A revolution in wireless telecommunications began in the first decade of the 20th century with pioneering developments in wireless radio communications by Nikola Tesla and Guglielmo Marconi, who won the Nobel Prize in Physics in 1909 for his efforts.

Telecommunications play an important role in the world economy and the worldwide telecommunication industry's revenue was estimated to be $3.85 trillion in 2008. The service revenue of the global telecommunications industry was estimated to be $1.7 trillion in 2008, and is expected to touch $2.7 trillion by 2013.

What is an artificial neural network?

An artificial neural network (ANN), usually called neural network (NN), is a mathematical model or computational model that is inspired by the structure and/or functional aspects of biological neural networks. A neural network consists of an interconnected group of artificial neurons, and it processes information using a connectionist approach to computation. In most cases an ANN is an adaptive system that changes its structure based on external or internal information that flows through the network during the learning phase. Modern neural networks are non-linear statistical data modelling tools. They are usually used to model complex relationships between inputs and outputs or to find patterns in data.

The original inspiration for the term Artificial Neural Network came from examination of central nervous systems and their neurons, axons, dendrites, and synapses, which constitute the processing elements of biological neural networks investigated by neuroscience. In an artificial neural network, simple artificial nodes, variously called "neurons", "neurodes", "processing elements" (PEs) or "units", are connected together to form a network of nodes mimicking the biological neural networks — hence the term "artificial neural network".

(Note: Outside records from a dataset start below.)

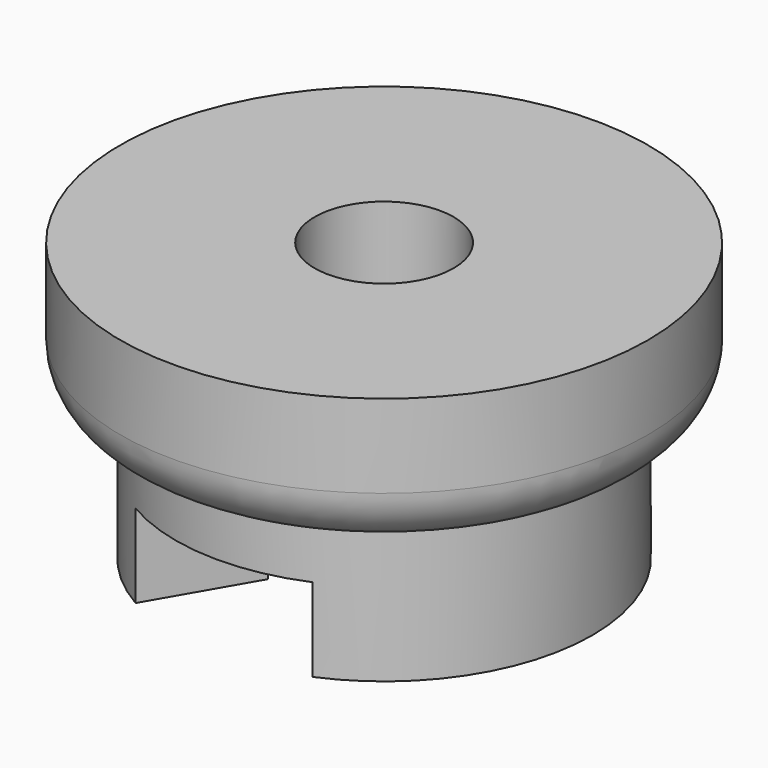
from build123d import *

# Parameters (mm, degrees)
F2_R     = 1.99999
F4_DEPTH = 3


# Not quite as in the source:
# - a fillet or chamfer is up to 0.001 mm smaller than in the source, because OpenCascade refuses the exact size
# - a feature names something its author has since deleted; it is built from what else it names


with BuildPart() as f1:
    # F0 (on Front) → F1 (revolve)
    with BuildSketch(Plane.XZ):
        Polygon((2.5, 2), (3.5, 2), (3.5, 0), (7.5, 0), (7.5, 5), (9.5, 5), (9.5, 10), (2.5, 10), align=None)
    revolve(axis=Axis((0, 0, 8.8058942929), (0, 0, 1)))

    # F2 (radius 2 in the source; OpenCascade refuses exactly that, so slightly less here)
    f2_edges = [f1.edges().sort_by_distance(p)[0] for p in [
        (-9.5, 0, 5),
    ]]
    fillet(f2_edges, radius=F2_R)

    # F3 (on face) → F4 (cut)
    with BuildSketch(Plane(origin=(0, 0, 0), x_dir=(1, 0, 0), z_dir=(0, 0, -1))):
        with BuildLine():
            ThreePointArc((-1.75, 3.0310889132), (0.8206712512, 3.402425414), (2.9393876913, 1.9))
            Line((2.9393876913, 1.9), (2.9393876913, 6.9))
            ThreePointArc((2.9393876913, 6.9), (-0.4530350492, 7.486304779), (-3.75, 6.4951905284))
            Line((-3.75, 6.4951905284), (-1.75, 3.0310889132))
        make_face()
    extrude(amount=-F4_DEPTH, mode=Mode.SUBTRACT)


solid = f1.part

An ANN is typically defined by three types of parameters:

1.     The interconnection pattern between different layers of neurons

2.     The learning process for updating the weights of the interconnections

3.     The activation function that converts a neuron's weighted input to its output activation.

1.   Introduction:

The study of the human brain is thousands of years old. With the advent of modern electronics, it was only natural to try to harness this thinking process. The first step toward artificial neural networks came in 1943 when Warren McCulloch, a neurophysiologist, and a young mathematician, Walter Pitts, wrote a paper on how neurons might work. They modelled a simple neural network with electrical circuits.

In 1959, Bernard Widrow and Marcian Hoff of Stanford developed models, they called ADALINE and MADALINE. These models were named for their use of Multiple Adaptive Linear Elements. MADALINE was the first neural network to be applied to a real world problem. It is an adaptive filter which eliminates echoes on phone lines, which is still in commercial use.

 Hopfield's approach was not to simply model brains but to create useful devices.

 Artificial neural networks are loosely based on biology. Current research into the brain's physiology instinct has unlocked only a limited understanding of how neurons work or even what constitutes intelligence in general. Researchers are working in both the biological and engineering fields to further decipher the key mechanisms for how man learns and reacts to everyday experiences. Improved knowledge in neural processing helps create better, more succinct artificial networks.

For parts not yet clear, however, we construct a hypothesis and build a model that follows that hypothesis. We then analyze or simulate the behaviour of the model and compare it with that of the brain. If we find any discrepancy in the behaviour between the model and the brain, we change the initial hypothesis and modify the model. We repeat this procedure until the model behaves in the same way as the brain. This common process has created thousands of network topologies.